Pas de mention de clause financière dans le contrat avec Comet Médiafon
S’agissant de Comet Médiafon, titulaire d’un contrat de gestion d’une plateforme de portabilité des numéros de téléphonie mobile, signé avec l’Artp en mai 2015, le rapport estime que «la procédure n’est pas globalement conforme», en raison des faiblesses observées en matière de publicité et d’archivage. De plus, l’auditeur révèle qu’il n’y avait pas de convention de concession signée par l’Autorité gouvernementale, mais uniquement un contrat entre l’Artp et Comet Médiafon. Un contrat qui, précise le rapport, «ne mentionne pas la clause financière». Quant à la procédure d’attribution des licences 4G, le flou est total. La mission d’audit n’a pas pu se prononcer sur la question, «faute de documents» y afférents.

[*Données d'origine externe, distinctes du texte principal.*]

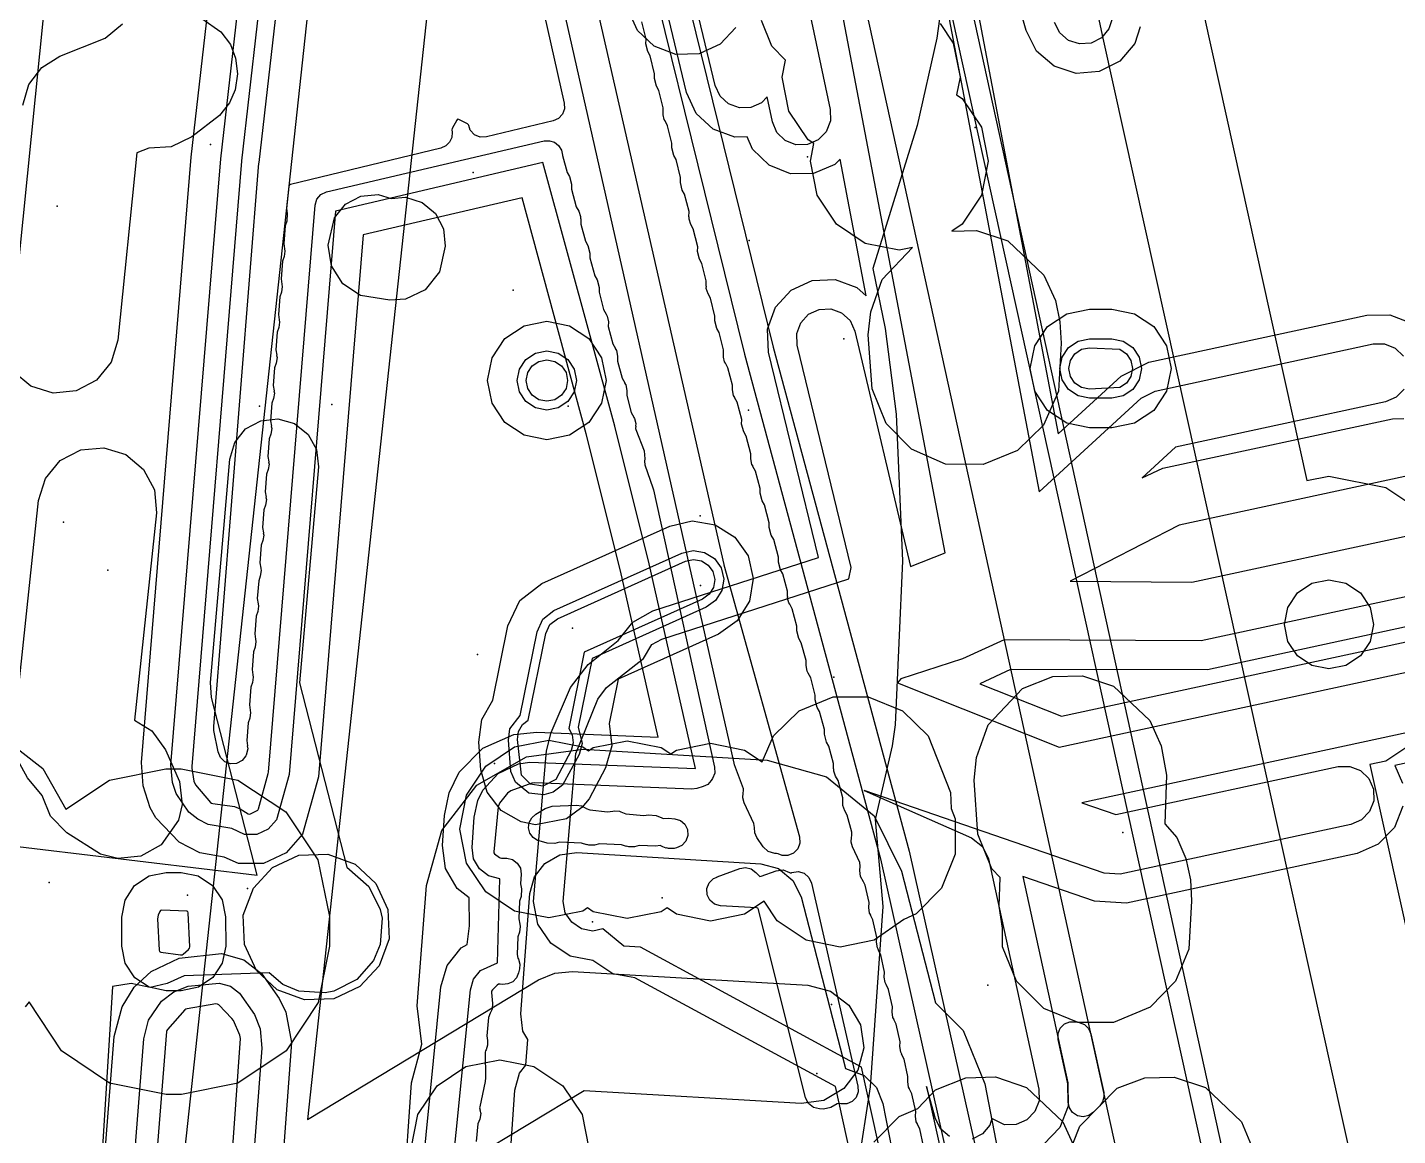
# Model space of a CAD drawing. Header units: metres. Extents: x 8738 to 9560, y -8972 to -7699.
# Drawn here: x 8875.03 to 8921.27, y -8321.14 to -8283.74 of the extents above; entities that cross this region are included whole.
import ezdxf

# ---------------------------------------------------------------- set-up
doc = ezdxf.new("R2010")
doc.units = ezdxf.units.M
for name, color, linetype in [('AI_GREENING_ALLOWED_ZONE', 4, 'Continuous'), ('AI_GREENING_EXCLUSIONS', 1, 'Continuous'), ('AI_GREENING_LAWN', 82, 'Continuous'), ('AI_GREENING_REJECTED', 6, 'Continuous')]:
    doc.layers.add(name, color=color, linetype=linetype)

msp = doc.modelspace()

# ---------------------------------------------------------------- linework, layer by layer
at = {"layer": 'AI_GREENING_ALLOWED_ZONE'}
msp.add_lwpolyline([(8910.527, -8317.323), (8910.705, -8317.395), (8910.843, -8317.53), (8910.919, -8317.706), (8911.353, -8319.684), (8911.361, -8319.848), (8911.316, -8320.007), (8911.221, -8320.142), (8911.008, -8320.358), (8910.847, -8320.467), (8910.657, -8320.507), (8910.466, -8320.472), (8910.303, -8320.366), (8910.193, -8320.206), (8910.152, -8320.017), (8910.14, -8319.391), (8910.135, -8319.342), (8909.819, -8317.896), (8909.816, -8317.7), (8909.888, -8317.517), (8910.026, -8317.376), (8910.207, -8317.3), (8910.403, -8317.299), (8910.527, -8317.323)], close=True, dxfattribs=at)
at = {"layer": 'AI_GREENING_EXCLUSIONS'}
for points in [[(8887.884, -8327.25), (8888.987, -8316.122), (8889.201, -8315.401), (8889.667, -8314.81), (8889.872, -8314.691), (8889.951, -8314.067), (8889.945, -8313.115), (8889.537, -8312.804), (8889.145, -8312.129), (8889.041, -8311.356), (8889.105, -8310.337), (8889.268, -8309.571), (8889.606, -8308.877), (8890.396, -8308.07), (8891.446, -8307.61), (8892.225, -8307.528), (8896.323, -8307.7), (8895.042, -8302.082), (8893.888, -8297.45), (8891.732, -8289.489), (8886.361, -8290.743), (8884.86, -8309.038), (8884.315, -8310.966), (8883.763, -8311.602), (8882.998, -8311.955), (8882.156, -8311.961), (8881.672, -8311.747), (8880.852, -8311.601), (8880.157, -8311.241), (8879.364, -8310.419), (8879.176, -8310.084), (8878.934, -8309.34), (8878.88, -8308.548), (8880.557, -8288.116), (8883.166, -8265.225)], [(8888.775, -8328.316), (8889.982, -8316.222), (8890.089, -8315.861), (8890.322, -8315.566), (8890.895, -8315.313), (8890.975, -8312.479), (8890.597, -8312.379), (8890.287, -8312.143), (8890.091, -8311.805), (8890.039, -8311.419), (8890.103, -8310.4), (8890.235, -8309.827), (8890.404, -8309.48), (8890.913, -8308.926), (8891.6, -8308.598), (8891.987, -8308.538), (8897.582, -8308.748), (8896.013, -8301.841), (8894.858, -8297.199), (8892.427, -8288.3), (8885.424, -8289.935), (8883.864, -8308.957), (8883.439, -8310.484), (8883.163, -8310.803), (8882.78, -8310.979), (8882.359, -8310.982), (8881.93, -8310.78), (8881.13, -8310.64), (8880.782, -8310.46), (8880.483, -8310.221), (8880.048, -8309.595), (8879.927, -8309.223), (8879.877, -8308.63), (8881.556, -8288.167), (8884.159, -8265.339)], [(8880.36, -8321.57), (8886.433, -8265.355)], [(8907.354, -8265.601), (8911.319, -8284.102), (8924.314, -8342.789)], [(8890.224, -8267.503), (8884.488, -8320.604), (8892.276, -8315.89), (8892.83, -8315.66), (8893.428, -8315.605), (8901.372, -8316.068), (8902.127, -8316.265), (8902.749, -8316.736), (8903.144, -8317.409), (8903.252, -8318.182), (8903.055, -8318.937), (8902.585, -8319.559), (8901.912, -8319.954), (8901.139, -8320.062), (8893.815, -8319.634), (8888.122, -8323.08)], [(8921.395, -8347.341), (8920.809, -8347.354), (8920.263, -8347.141), (8919.84, -8346.735), (8919.605, -8346.198), (8919.197, -8344.338), (8919.165, -8343.897), (8919.153, -8343.312), (8919.367, -8342.767), (8919.851, -8342.31), (8919.69, -8341.353), (8903.61, -8268.057)], [(8922.152, -8350.759), (8920.199, -8350.8), (8918.379, -8350.091), (8916.97, -8348.738), (8916.187, -8346.948), (8915.779, -8345.088), (8915.708, -8342.696), (8916.12, -8341.644), (8916.012, -8340.921), (8900.71, -8271.172)], [(8894.747, -8276.573), (8899.228, -8294.77), (8903.82, -8311.806), (8907.525, -8328.355), (8910.595, -8342.558), (8910.62, -8343.226), (8910.535, -8343.607), (8910.31, -8343.926), (8909.981, -8344.135), (8909.22, -8344.425), (8909.206, -8344.434), (8903.888, -8346.497), (8903.754, -8350.97), (8911.179, -8349.246), (8923.784, -8346.73)], [(8895.718, -8276.331), (8900.198, -8294.528), (8904.786, -8311.548), (8908.5, -8328.129), (8911.573, -8342.347), (8911.62, -8343.25), (8911.449, -8344.012), (8911, -8344.65), (8910.341, -8345.068), (8904.859, -8347.184), (8904.788, -8349.701), (8911.005, -8348.261), (8924.471, -8345.525)], [(8912.582, -8283.716), (8912.4, -8284.277), (8911.894, -8284.871), (8911.199, -8285.226), (8910.421, -8285.288), (8909.679, -8285.048), (8909.085, -8284.541), (8908.73, -8283.846), (8906.649, -8276.495)], [(8904.79, -8326.12), (8903.175, -8318.832), (8895.724, -8314.78), (8895.159, -8314.749), (8894.451, -8314.17), (8894.108, -8314.238), (8893.725, -8314.162), (8893.401, -8313.945), (8893.184, -8313.621), (8893.108, -8313.238), (8893.544, -8308.245), (8894.282, -8306.41), (8894.578, -8306.023), (8895.817, -8305.037), (8896.105, -8304.572), (8896.446, -8304.382), (8902.75, -8302.349), (8902.835, -8301.967), (8901.013, -8294.461), (8900.997, -8294.071), (8901.131, -8293.705), (8901.395, -8293.418), (8901.749, -8293.253), (8902.139, -8293.237), (8902.505, -8293.371), (8902.792, -8293.635), (8902.957, -8293.989), (8904.835, -8301.936), (8906.002, -8301.473), (8901.416, -8277.357)], [(8904.979, -8277.359), (8909.172, -8299.408), (8912.62, -8296.251), (8913.085, -8296.011), (8920.439, -8294.423), (8920.829, -8294.417), (8921.192, -8294.561), (8921.473, -8294.832)], [(8906.039, -8277.578), (8909.819, -8297.46), (8911.945, -8295.513), (8912.874, -8295.033), (8920.228, -8293.446), (8921.009, -8293.433), (8921.734, -8293.72)], [(8903.813, -8326.336), (8902.297, -8319.492), (8902.297, -8319.492), (8895.532, -8315.814), (8894.792, -8315.679), (8894.115, -8315.237), (8893.343, -8315.086), (8892.694, -8314.652), (8892.26, -8314.003), (8892.108, -8313.238), (8892.548, -8308.155), (8892.704, -8307.542), (8893.364, -8306.013), (8893.955, -8305.241), (8894.969, -8304.434), (8895.457, -8303.81), (8896.138, -8303.43), (8901.723, -8301.627), (8900.041, -8294.697), (8900.009, -8293.917), (8900.277, -8293.184), (8900.805, -8292.61), (8901.513, -8292.282), (8902.293, -8292.249), (8903.025, -8292.517), (8903.335, -8292.802), (8902.456, -8288.18), (8902.281, -8288.36), (8901.564, -8288.668), (8900.784, -8288.679), (8900.059, -8288.39), (8899.5, -8287.845), (8899.32, -8287.428), (8898.901, -8287.444), (8898.169, -8287.173), (8897.596, -8286.643), (8897.27, -8285.934), (8895.427, -8278.231)], [(8900.543, -8279.068), (8902.126, -8286.504), (8902.131, -8286.894), (8901.987, -8287.256), (8901.714, -8287.536), (8901.356, -8287.69), (8900.966, -8287.695), (8900.603, -8287.551), (8900.324, -8287.279), (8900.17, -8286.92), (8899.99, -8286.076), (8899.802, -8286.278), (8899.448, -8286.441), (8899.058, -8286.456), (8898.692, -8286.321), (8898.406, -8286.056), (8898.243, -8285.702), (8896.399, -8277.998)], [(8906.554, -8278.047), (8905.726, -8284.096), (8905.054, -8287.047), (8903.556, -8291.87), (8903.975, -8293.895), (8904.354, -8296.796), (8904.559, -8301.745), (8904.315, -8307.277), (8904.216, -8307.989), (8903.641, -8310.47), (8903.904, -8313.412), (8903.472, -8319.503), (8903.053, -8322.193), (8901.486, -8328.757), (8900.235, -8332.133), (8900.697, -8334.363), (8901.044, -8336.91), (8901.281, -8342.213), (8901.037, -8347.745)], [(8875.989, -8279.144), (8874.745, -8291.546), (8873.228, -8310.896), (8873.229, -8310.964), (8873.222, -8310.981), (8872.786, -8316.539), (8871.797, -8331.948), (8870.34, -8349.57), (8869.578, -8360.621), (8867.012, -8391.963)], [(8880.919, -8283.439), (8881.561, -8283.883), (8881.881, -8284.318), (8882.06, -8284.77), (8882.124, -8285.307), (8882.042, -8285.841), (8881.849, -8286.286), (8881.515, -8286.711), (8880.585, -8287.433), (8879.883, -8287.773), (8879.132, -8287.817), (8878.731, -8287.975), (8878.089, -8294.293), (8877.86, -8295.039), (8877.363, -8295.641), (8876.674, -8296.006), (8875.897, -8296.08), (8875.151, -8295.851), (8874.549, -8295.354)], [(8898.942, -8283.735), (8898.408, -8284.303), (8897.696, -8284.624), (8896.916, -8284.648), (8896.187, -8284.372), (8895.618, -8283.837), (8895.297, -8283.126)], [(8905.837, -8283.608), (8906.275, -8284.263), (8906.503, -8285.411), (8906.385, -8286.007), (8906.575, -8286.135), (8907.225, -8287.108), (8907.454, -8288.256), (8907.225, -8289.404), (8906.575, -8290.377), (8906.225, -8290.611), (8907.062, -8290.589), (8908.112, -8290.941), (8909.336, -8292.099), (8909.721, -8292.955), (8909.876, -8293.675), (8909.915, -8294.391), (8909.821, -8296.018), (8909.323, -8297.168), (8908.446, -8298.023), (8907.281, -8298.493), (8906.012, -8298.477), (8904.862, -8297.978), (8904.006, -8297.101), (8903.537, -8295.936), (8903.408, -8294.118), (8903.489, -8293.342), (8903.877, -8292.245), (8904.9, -8291.167), (8904.454, -8291.256), (8903.306, -8291.028), (8902.333, -8290.377), (8901.682, -8289.404), (8901.454, -8288.256), (8901.572, -8287.66), (8901.382, -8287.533), (8900.732, -8286.559), (8900.503, -8285.411), (8900.616, -8284.843), (8900.158, -8284.364), (8899.8, -8283.508)], [(8911.647, -8283.418), (8911.527, -8283.79), (8911.274, -8284.086), (8910.927, -8284.264), (8910.538, -8284.295), (8910.166, -8284.175), (8909.869, -8283.922), (8909.692, -8283.574)], [(8914.739, -8283.357), (8918.211, -8299.035), (8918.952, -8298.887), (8920.866, -8299.268), (8922.488, -8300.352)], [(8874.875, -8286.361), (8875.077, -8285.665), (8875.515, -8285.087), (8876.129, -8284.703), (8877.662, -8284.097), (8878.24, -8283.616)], [(8921.491, -8295.943), (8921.219, -8296.223), (8920.861, -8296.378), (8913.771, -8297.909), (8912.646, -8298.939), (8913.352, -8298.615), (8921.094, -8296.944), (8921.484, -8296.938)], [(8871.505, -8311.001), (8882.783, -8312.351), (8881.249, -8306.353), (8881.208, -8305.852), (8881.864, -8298.311), (8882.027, -8297.749), (8882.393, -8297.292), (8882.906, -8297.011), (8883.488, -8296.947), (8884.05, -8297.11), (8884.507, -8297.476), (8884.788, -8297.989), (8884.852, -8298.571), (8884.219, -8305.857), (8885.81, -8312.081), (8886.553, -8312.734), (8886.94, -8313.514), (8886.999, -8313.806), (8886.94, -8314.692), (8886.714, -8315.233), (8886.148, -8315.877), (8885.368, -8316.264), (8885.076, -8316.323), (8884.19, -8316.264), (8883.649, -8316.038), (8883.188, -8315.654), (8880.321, -8315.746), (8879.749, -8316.01), (8879.18, -8316.147), (8878.529, -8316.011), (8877.909, -8316.112), (8877.513, -8322.429)], [(8874.575, -8307.573), (8875.41, -8299.704), (8875.642, -8298.959), (8876.142, -8298.359), (8876.833, -8297.997), (8877.61, -8297.926), (8878.355, -8298.158), (8878.954, -8298.658), (8879.317, -8299.349), (8879.388, -8300.126), (8878.645, -8307.123), (8879.234, -8307.486), (8879.691, -8308.119), (8880.167, -8309.196), (8880.253, -8309.971), (8880.134, -8310.498), (8879.548, -8311.33), (8878.864, -8311.707), (8878.089, -8311.793), (8877.495, -8311.648), (8876.36, -8310.923), (8875.814, -8310.365), (8875.814, -8310.365), (8875.534, -8309.667), (8875.033, -8309.072), (8874.651, -8308.37)], [(8921.516, -8298.899), (8913.902, -8300.542), (8910.222, -8302.431), (8914.327, -8302.464), (8921.962, -8300.817)], [(8922.383, -8302.772), (8914.641, -8304.443), (8907.988, -8304.413), (8906.585, -8305.049), (8904.501, -8305.722), (8904.391, -8305.86), (8909.846, -8308.032), (8926.773, -8304.379)], [(8922.594, -8303.749), (8914.852, -8305.42), (8908.202, -8305.415), (8907.167, -8305.889), (8909.933, -8306.99), (8926.562, -8303.401)], [(8927.195, -8306.334), (8910.613, -8309.913), (8911.756, -8310.308), (8919.267, -8308.687), (8919.657, -8308.68), (8920.02, -8308.824), (8920.301, -8309.095), (8920.456, -8309.453), (8920.462, -8309.843), (8920.319, -8310.206), (8920.047, -8310.487), (8919.689, -8310.642), (8911.905, -8312.322), (8911.367, -8312.289), (8903.272, -8309.491), (8906.895, -8311.098), (8907.264, -8311.38), (8907.466, -8311.799), (8909.163, -8319.579), (8909.17, -8319.97), (8909.027, -8320.333), (8908.756, -8320.614), (8908.399, -8320.77), (8908.399, -8320.77), (8908.009, -8320.777), (8907.581, -8320.572), (8907.51, -8320.792), (8907.257, -8321.088), (8906.909, -8321.265)], [(8874.017, -8307.56), (8875.551, -8308.757), (8876.329, -8310.127), (8877.801, -8309.144), (8879.704, -8308.763), (8880.222, -8308.763), (8882.135, -8309.144), (8883.75, -8310.22), (8884.838, -8311.84), (8885.222, -8313.753), (8885.224, -8314.752), (8884.847, -8316.656), (8883.76, -8318.288), (8882.137, -8319.371), (8880.234, -8319.752), (8879.716, -8319.752), (8877.803, -8319.371), (8876.18, -8318.288), (8875.09, -8316.633), (8874.96, -8316.799)], [(8922.488, -8307.423), (8920.866, -8308.507), (8920.331, -8308.613), (8926.974, -8338.615)], [(8927.406, -8307.311), (8921.179, -8308.655), (8921.433, -8309.242)], [(8887.473, -8326.883), (8887.99, -8319.367), (8888.346, -8318.055), (8888.19, -8316.769), (8888.499, -8312.707), (8889.014, -8310.845), (8890.198, -8309.318), (8891.872, -8308.353), (8893.787, -8308.095), (8899.992, -8308.472), (8901.997, -8309.028), (8903.602, -8310.351), (8904.53, -8312.213), (8905.677, -8316.657), (8906.604, -8317.6), (8907.336, -8319.394), (8908.142, -8323.536)], [(8921.446, -8310.023), (8921.159, -8310.748), (8920.616, -8311.309), (8919.9, -8311.619), (8912.116, -8313.299), (8911.041, -8313.234), (8908.62, -8312.398), (8910.14, -8319.366), (8910.154, -8320.147), (8909.869, -8320.873), (8909.327, -8321.435)], [(8889.96, -8341.747), (8891.481, -8319.607), (8891.635, -8319.042), (8891.847, -8318.767), (8891.914, -8317.905), (8891.75, -8317.615), (8891.68, -8317.034), (8891.988, -8312.972), (8892.143, -8312.414), (8892.498, -8311.956), (8893.001, -8311.666), (8893.575, -8311.589), (8899.78, -8311.966), (8900.381, -8312.132), (8900.863, -8312.529), (8901.141, -8313.088), (8902.636, -8318.88), (8903.273, -8319.11), (8903.681, -8319.524), (8903.9, -8320.062), (8904.706, -8324.204)], [(8875.071, -8354.632), (8877.961, -8317.804), (8878.227, -8316.793), (8878.637, -8316.136), (8879.206, -8315.602), (8880.151, -8315.15), (8881.587, -8314.996), (8882.335, -8315.207), (8882.947, -8315.687), (8883.531, -8316.514), (8883.754, -8316.98), (8883.946, -8318.003), (8883.519, -8323.75)], [(8876.067, -8354.723), (8878.958, -8317.881), (8879.118, -8317.247), (8879.555, -8316.61), (8879.973, -8316.296), (8880.461, -8316.101), (8881.508, -8315.993), (8881.883, -8316.098), (8882.189, -8316.338), (8882.692, -8317.058), (8882.885, -8317.538), (8882.946, -8318.189), (8882.522, -8323.673)], [(8903.597, -8321.37), (8904.445, -8320.504), (8905.075, -8320.226), (8905.671, -8319.598), (8906.701, -8319.19), (8907.695, -8319.164), (8908.745, -8319.516), (8909.969, -8320.674), (8910.309, -8321.422), (8910.547, -8320.827), (8911.806, -8319.548), (8912.737, -8319.197), (8913.732, -8319.171), (8914.781, -8319.523), (8916.005, -8320.681), (8916.452, -8321.757)], [(8906.149, -8321.176), (8905.852, -8320.922), (8905.675, -8320.575), (8905.369, -8319.488), (8906.742, -8325.688)]]:
    msp.add_lwpolyline(points, dxfattribs=at)
for points in [[(8885.186, -8291.082), (8885.394, -8290.159), (8885.767, -8289.708), (8886.285, -8289.434), (8886.867, -8289.38), (8887.309, -8289.516), (8887.792, -8289.471), (8888.351, -8289.643), (8888.802, -8290.017), (8889.075, -8290.534), (8889.13, -8291.117), (8888.935, -8291.989), (8888.458, -8292.589), (8887.791, -8292.914), (8887.265, -8292.949), (8886.272, -8292.79), (8885.672, -8292.395), (8885.291, -8291.789), (8885.186, -8291.082)], [(8893.326, -8297.504), (8892.561, -8297.656), (8891.796, -8297.504), (8891.147, -8297.07), (8890.713, -8296.421), (8890.561, -8295.656), (8890.713, -8294.891), (8891.147, -8294.242), (8891.796, -8293.808), (8892.561, -8293.656), (8893.326, -8293.808), (8893.975, -8294.242), (8894.409, -8294.891), (8894.561, -8295.656), (8894.409, -8296.421), (8893.975, -8297.07), (8893.326, -8297.504)], [(8911.624, -8293.249), (8912.389, -8293.401), (8913.038, -8293.835), (8913.472, -8294.484), (8913.624, -8295.249), (8913.472, -8296.014), (8913.038, -8296.663), (8912.389, -8297.097), (8911.624, -8297.249), (8910.874, -8297.249), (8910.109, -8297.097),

«Aucun chapitre consacré au contrôle par l’Artp du respect par les opérateurs titulaires de licence des obligations contenues dans leurs conventions de concession et cahiers de charges»
S’agissant du contrôle et du suivi, pour la mission d’audit réalisée par le cabinet Grant Thornton, c’est clair : «les opérateurs Sentel et Expresso ne se sont pas conformés à leurs obligations en matière de communication régulière et à date due des rapports de suivi de la concession». En effet, concernant les deux rapports exigés annuellement, «seule la Sonatel les fournit conformément au cahier de charges, même si quelques retards ont été notés». Poursuivant, le vérificateur note que l’opérateur Sentel a transmis 4 rapports annuels sur la période de 2012 à 2017, alors qu’il devait en fournir 12 (à noter que sa licence a été suspendue de 2001 à 2012). Quant à l’opérateur Expresso, il a fourni 7 rapports annuels sur la période de 2008 à 2017 (octroi de la licence en novembre 2007), soit 10 ans. Or en raison de deux rapports par an, il devait fournir, en 10 ans, 20 rapports.
Déplorant le fait qu’elle n’ait pas pu disposer des rapports d’étape qui doivent pourtant être communiqués à l’Artp au plus tard avant le 30 septembre de l’année d’exécution, la mission d’audit souligne également que malgré ces manquements, le gendarme du secteur des télécommunications n’a rien fait. En tout cas, les auditeurs n’ont trouvé aucune trace d’une quelconque action en ce sens. «Dans aucun des rapports d’activités de l’Artp examinés, nous n’avons trouvé un chapitre consacré au contrôle par celle-ci du respect par les opérateurs titulaires de licence des obligations contenues dans leurs conventions de concession et cahiers de charges», s’offusquent-ils.
«Des manquements graves sont constatés par l’Artp dans ses rapports d’évaluation et ses audits de qualité de service, qui ne sont pas pour autant sanctionnés»
Pire, alors que l’obligation pour les opérateurs de transmettre à date échue les rapports d’étape et les rapports de fin de période n’est pas respectée, «aucune mesure n’est prise à cet effet» par le régulateur, qui ne sanctionne pas. «Des manquements graves sont constatés par l’Artp dans ses rapports d’évaluation et ses audits de qualité de service, qui ne sont pas pour autant sanctionnés», mentionnent les auditeurs. Qui constatent aussi qu’il n y a «aucun lien d’une année à l’autre» sur le suivi des cahiers de charges. Dès lors, les conclusions et recommandations issues de ses rapports perdent quasiment leur «caractère exécutoire» pour les opérateurs. En outre, les auditeurs soulignent que durant toute leur mission, ils n’ont «pas eu connaissance d’un rapport transmis par l’Artp à l’Autorité gouvernementale relativement au respect des obligations des cahiers de charges des opérateurs titulaires de licences», alors qu’elle est censé rendre compte au gouvernement qui lui a donné la délégation de service public sur le secteur.